/ 23 October 2009

The Saartjie show MK II

It was inevitable. Like the Blessed Virgin, Madiba, Che and Campbell’s Soup, yet another icon of our time will end up as a placemat, a tea cosy on a rusty clothes rail, in a fong kong store or on a vodka bottle. Or in this case, as a T-shirt being promoted on Facebook under a site called ”Coloured Women Are Hot!”

So onse Saartjie Baartman is going mainstream. We’ve already had a T-shirt bearing her image — in particular the famous side profile where her butt resembles the Horn of Africa. Now the so-called ”African trademark” has been, er, trademarked.

This is an attempt to get coloured youngsters to be more proud of their heritage and to remember that, when Heritage Day comes around, they too have reason to celebrate where they come from. And that instead of getting pissed or spending all day washing their All Stars, or any of the other things coloureds do on public holidays, there is now an opportunity to educate the next generation on the history, and tragedies, of the community.

The story of this young woman has been told so often and in a style so lacking in imagination, it borders on cliché. Feminist academics churn out papers on Saartjie with titles like ”Disempowered to Consent” and ”Colonialism, Disjoint and Disjuncture”. With that kind of podiatrist language, no one would blame coloured youth who’d rather go stand on the corner than learn about Saartjie Baartman.

Is there really a need to revisit her boat trip to London and the circumstances that saw her end up in a leotard in Picadilly Circus shaking her booty at lascivious Englishmen with monocles? It’s worth remembering that Ms Baartman’s bum wasn’t that exceptional, as far as freaks went at the time.
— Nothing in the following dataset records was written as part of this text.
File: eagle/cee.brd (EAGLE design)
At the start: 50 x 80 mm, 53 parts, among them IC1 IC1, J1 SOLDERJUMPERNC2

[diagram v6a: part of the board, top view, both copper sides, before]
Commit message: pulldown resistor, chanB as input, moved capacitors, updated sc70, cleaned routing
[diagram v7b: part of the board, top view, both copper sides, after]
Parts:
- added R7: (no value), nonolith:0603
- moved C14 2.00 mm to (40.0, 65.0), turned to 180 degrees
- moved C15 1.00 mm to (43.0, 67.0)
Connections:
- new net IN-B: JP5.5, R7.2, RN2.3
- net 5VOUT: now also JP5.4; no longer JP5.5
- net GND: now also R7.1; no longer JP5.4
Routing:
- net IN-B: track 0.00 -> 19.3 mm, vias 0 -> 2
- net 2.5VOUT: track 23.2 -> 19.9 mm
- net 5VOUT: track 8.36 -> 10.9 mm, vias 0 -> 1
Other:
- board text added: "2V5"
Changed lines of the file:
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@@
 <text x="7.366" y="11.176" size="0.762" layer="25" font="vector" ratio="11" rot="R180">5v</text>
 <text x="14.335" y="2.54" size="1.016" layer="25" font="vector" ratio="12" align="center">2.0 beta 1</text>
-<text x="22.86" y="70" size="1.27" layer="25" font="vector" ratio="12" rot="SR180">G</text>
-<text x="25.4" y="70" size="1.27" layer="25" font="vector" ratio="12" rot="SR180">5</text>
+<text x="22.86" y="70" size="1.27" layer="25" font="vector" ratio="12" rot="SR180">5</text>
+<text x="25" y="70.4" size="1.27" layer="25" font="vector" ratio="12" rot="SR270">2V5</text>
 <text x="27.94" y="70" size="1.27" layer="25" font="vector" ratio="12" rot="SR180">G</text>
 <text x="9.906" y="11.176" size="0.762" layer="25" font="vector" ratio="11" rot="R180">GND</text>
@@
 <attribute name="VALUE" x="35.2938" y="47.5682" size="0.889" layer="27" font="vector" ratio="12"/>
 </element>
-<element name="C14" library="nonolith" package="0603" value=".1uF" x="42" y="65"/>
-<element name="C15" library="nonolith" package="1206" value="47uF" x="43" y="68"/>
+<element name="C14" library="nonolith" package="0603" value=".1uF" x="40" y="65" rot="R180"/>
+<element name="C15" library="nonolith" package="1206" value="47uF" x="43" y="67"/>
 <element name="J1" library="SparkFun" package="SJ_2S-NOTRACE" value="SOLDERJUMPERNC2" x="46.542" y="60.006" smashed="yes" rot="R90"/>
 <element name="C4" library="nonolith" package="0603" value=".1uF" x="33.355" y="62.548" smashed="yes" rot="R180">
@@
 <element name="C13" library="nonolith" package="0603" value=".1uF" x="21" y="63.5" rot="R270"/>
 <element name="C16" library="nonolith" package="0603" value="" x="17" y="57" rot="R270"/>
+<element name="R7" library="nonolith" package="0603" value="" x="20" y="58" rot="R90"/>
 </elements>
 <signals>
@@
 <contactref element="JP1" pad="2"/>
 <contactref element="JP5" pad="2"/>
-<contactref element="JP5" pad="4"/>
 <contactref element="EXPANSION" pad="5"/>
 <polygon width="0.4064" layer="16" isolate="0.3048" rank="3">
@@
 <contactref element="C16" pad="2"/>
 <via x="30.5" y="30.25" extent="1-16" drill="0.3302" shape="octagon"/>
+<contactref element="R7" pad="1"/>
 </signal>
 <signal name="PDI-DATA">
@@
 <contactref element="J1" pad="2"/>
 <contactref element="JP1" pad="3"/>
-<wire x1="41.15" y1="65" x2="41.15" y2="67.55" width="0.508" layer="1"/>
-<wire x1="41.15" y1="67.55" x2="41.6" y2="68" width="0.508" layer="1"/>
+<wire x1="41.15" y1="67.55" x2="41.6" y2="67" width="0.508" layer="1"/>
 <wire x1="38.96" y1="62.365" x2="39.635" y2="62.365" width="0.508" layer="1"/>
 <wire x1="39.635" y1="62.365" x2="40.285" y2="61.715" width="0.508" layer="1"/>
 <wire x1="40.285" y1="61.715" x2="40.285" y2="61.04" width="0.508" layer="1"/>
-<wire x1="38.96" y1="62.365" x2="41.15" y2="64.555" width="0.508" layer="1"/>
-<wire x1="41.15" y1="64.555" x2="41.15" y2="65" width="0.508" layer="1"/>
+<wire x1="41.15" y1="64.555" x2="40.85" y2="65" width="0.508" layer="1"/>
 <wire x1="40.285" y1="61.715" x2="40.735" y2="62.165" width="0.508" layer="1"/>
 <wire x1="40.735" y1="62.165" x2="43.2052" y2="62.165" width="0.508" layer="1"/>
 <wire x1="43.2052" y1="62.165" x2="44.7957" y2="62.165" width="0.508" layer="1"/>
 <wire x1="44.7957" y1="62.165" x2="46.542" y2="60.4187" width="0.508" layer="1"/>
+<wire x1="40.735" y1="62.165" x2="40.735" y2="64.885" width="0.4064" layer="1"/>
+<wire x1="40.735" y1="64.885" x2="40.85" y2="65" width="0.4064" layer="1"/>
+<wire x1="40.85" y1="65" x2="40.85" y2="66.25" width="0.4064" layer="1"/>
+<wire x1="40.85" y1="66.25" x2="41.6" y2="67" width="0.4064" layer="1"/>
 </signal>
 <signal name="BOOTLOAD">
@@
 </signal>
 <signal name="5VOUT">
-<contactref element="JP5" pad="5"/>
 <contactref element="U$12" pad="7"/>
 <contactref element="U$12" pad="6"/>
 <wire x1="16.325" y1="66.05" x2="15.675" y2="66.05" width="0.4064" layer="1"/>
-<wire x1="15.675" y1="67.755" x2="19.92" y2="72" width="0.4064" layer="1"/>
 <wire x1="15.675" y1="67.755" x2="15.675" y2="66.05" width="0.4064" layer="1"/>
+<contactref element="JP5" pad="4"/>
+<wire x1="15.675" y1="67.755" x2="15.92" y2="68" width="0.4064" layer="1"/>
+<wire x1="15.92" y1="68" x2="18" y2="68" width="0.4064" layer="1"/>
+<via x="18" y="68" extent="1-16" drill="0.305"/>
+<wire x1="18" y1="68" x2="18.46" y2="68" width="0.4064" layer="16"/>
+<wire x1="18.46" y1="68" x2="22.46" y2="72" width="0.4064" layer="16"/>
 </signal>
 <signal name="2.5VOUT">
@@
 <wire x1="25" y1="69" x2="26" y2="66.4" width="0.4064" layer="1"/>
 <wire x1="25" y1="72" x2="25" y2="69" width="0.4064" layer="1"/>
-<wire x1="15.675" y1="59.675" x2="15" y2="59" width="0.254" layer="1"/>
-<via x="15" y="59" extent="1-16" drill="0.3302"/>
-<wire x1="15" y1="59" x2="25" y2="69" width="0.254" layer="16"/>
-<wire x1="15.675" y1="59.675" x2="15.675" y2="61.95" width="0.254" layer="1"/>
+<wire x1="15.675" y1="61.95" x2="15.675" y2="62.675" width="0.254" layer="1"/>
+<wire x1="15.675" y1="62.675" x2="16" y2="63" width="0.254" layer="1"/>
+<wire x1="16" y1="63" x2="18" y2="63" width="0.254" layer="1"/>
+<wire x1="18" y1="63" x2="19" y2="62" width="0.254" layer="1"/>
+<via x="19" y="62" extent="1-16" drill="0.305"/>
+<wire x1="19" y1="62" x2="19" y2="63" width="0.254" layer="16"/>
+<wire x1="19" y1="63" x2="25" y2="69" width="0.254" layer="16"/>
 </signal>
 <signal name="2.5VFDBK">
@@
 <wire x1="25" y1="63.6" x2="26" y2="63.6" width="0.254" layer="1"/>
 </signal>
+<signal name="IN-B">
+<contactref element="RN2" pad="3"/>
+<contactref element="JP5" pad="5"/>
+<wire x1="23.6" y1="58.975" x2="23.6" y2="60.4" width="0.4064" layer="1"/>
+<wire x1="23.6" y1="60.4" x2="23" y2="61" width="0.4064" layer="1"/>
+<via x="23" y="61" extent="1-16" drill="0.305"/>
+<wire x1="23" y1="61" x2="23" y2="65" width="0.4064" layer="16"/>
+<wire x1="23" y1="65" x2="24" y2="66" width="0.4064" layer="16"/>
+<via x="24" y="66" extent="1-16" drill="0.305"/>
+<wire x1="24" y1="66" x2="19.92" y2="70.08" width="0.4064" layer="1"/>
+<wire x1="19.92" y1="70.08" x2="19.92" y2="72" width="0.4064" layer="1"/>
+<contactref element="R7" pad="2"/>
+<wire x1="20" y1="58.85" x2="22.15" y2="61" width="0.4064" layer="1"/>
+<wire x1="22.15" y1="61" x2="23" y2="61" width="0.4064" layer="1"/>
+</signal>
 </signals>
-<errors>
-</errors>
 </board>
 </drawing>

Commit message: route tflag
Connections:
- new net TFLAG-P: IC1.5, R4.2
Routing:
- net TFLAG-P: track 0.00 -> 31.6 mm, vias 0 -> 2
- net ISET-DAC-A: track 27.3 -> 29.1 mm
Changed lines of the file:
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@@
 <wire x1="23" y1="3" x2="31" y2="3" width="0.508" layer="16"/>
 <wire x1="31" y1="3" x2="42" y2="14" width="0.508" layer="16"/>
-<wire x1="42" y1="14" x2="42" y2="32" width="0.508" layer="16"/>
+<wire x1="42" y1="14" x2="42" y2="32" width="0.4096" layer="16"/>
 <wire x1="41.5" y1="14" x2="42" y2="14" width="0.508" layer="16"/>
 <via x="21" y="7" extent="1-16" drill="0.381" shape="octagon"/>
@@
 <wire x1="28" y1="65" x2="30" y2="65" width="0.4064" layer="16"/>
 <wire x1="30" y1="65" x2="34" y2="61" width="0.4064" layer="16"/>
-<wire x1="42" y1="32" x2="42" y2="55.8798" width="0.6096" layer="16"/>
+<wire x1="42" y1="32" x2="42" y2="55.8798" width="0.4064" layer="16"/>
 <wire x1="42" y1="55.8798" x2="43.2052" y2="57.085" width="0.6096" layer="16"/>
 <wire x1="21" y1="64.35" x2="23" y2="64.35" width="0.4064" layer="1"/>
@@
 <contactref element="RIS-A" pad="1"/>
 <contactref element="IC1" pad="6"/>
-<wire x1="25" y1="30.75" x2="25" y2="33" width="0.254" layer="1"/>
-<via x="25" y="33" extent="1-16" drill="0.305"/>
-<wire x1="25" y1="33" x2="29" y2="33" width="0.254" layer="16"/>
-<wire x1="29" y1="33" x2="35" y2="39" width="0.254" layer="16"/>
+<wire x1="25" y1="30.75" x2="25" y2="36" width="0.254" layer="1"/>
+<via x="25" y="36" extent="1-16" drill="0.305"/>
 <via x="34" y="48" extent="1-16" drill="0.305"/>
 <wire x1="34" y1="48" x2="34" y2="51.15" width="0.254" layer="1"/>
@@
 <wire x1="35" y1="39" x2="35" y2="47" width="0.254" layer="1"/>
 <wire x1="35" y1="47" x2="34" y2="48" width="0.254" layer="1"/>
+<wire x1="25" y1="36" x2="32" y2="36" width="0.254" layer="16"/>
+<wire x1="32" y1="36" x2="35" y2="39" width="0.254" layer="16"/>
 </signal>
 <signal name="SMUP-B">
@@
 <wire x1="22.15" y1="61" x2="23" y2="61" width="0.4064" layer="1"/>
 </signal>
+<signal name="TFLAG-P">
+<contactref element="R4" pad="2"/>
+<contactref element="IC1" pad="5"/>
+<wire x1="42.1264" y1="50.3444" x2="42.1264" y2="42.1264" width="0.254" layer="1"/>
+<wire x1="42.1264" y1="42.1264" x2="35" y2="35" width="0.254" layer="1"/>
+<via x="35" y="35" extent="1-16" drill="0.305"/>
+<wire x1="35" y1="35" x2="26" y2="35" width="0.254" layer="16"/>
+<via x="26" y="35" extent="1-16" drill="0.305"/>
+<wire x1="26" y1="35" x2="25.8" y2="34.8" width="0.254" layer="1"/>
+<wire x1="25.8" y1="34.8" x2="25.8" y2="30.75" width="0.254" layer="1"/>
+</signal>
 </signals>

When she arrived in London in 1810, the Victorian freak shows were in full swing. Although she was billed by her impresario as a great wonder from across the seas, a discerning ticket-holder could just as well go next door where he would find bearded ladies, Siamese twins, the Elephant Man and web-footed wonders.

Saartjie’s story is a tale of women’s liberation. This big-butted sister, whose name has become virtually synonymous with the term steatopygia, is a feminist icon. Sure, she met a sorry end in a pickling jar in a French surgeon’s cupboard. Sure, she got prodded and leered at by Englishmen obsessed with her padded posterior. Sure, she died broke, alone, alcoholic and syphilitic millions of miles away from home.

But what about her ”agency”, as fancy academics call it? Let it not be forgotten this was also a sister who refused to go home when the abolitionists went to trial to try to free her from her Piccadilly Circus showgirl life.

Saying she preferred her feather boa in London to her shackles back home, Ms Baartman largely chose her life. She eventually got baptised and was said to be seen swanning around northern England on Sundays in a carriage, balancing a parasol.

Lured by promises of more cash, she even willingly made the trip to France. There she willingly posed semi-nude for the French biologists and sketchers desperate to sneak a peek at her famous ”Hottentot apron”.

But this version — of a woman with her wits fully about her — does not tally with the Saartjie the politicians and the Gender Commission love to breast-beat over every year when Women’s Day comes around.

As we wait for the play and the inevitable Hollywood film, South Africans will soon be able to buy their very own limited edition Saartjie T-shirt, which we’re promised will be extended to ”a complete clothing range for the whole family”.

Presumably, this will also one day branch out into figurines, screen-savers and coffee mugs. I’m all for crass commercialisation if it’s going to get some kid interested in historical figures. What is tiresome is the very particular version of Saartjie’s life that constantly portrays her as a South African Kunta Kinte (the iconic slave character from the book, Roots).

Her exhibition in England pandered to racist views of the ”primitive” African’s sexuality, no doubt. But to say she went gentle into that good night, was a lamb to the slaughter, just wasn’t Saartjie. At least not entirely. And it wasn’t very coloured.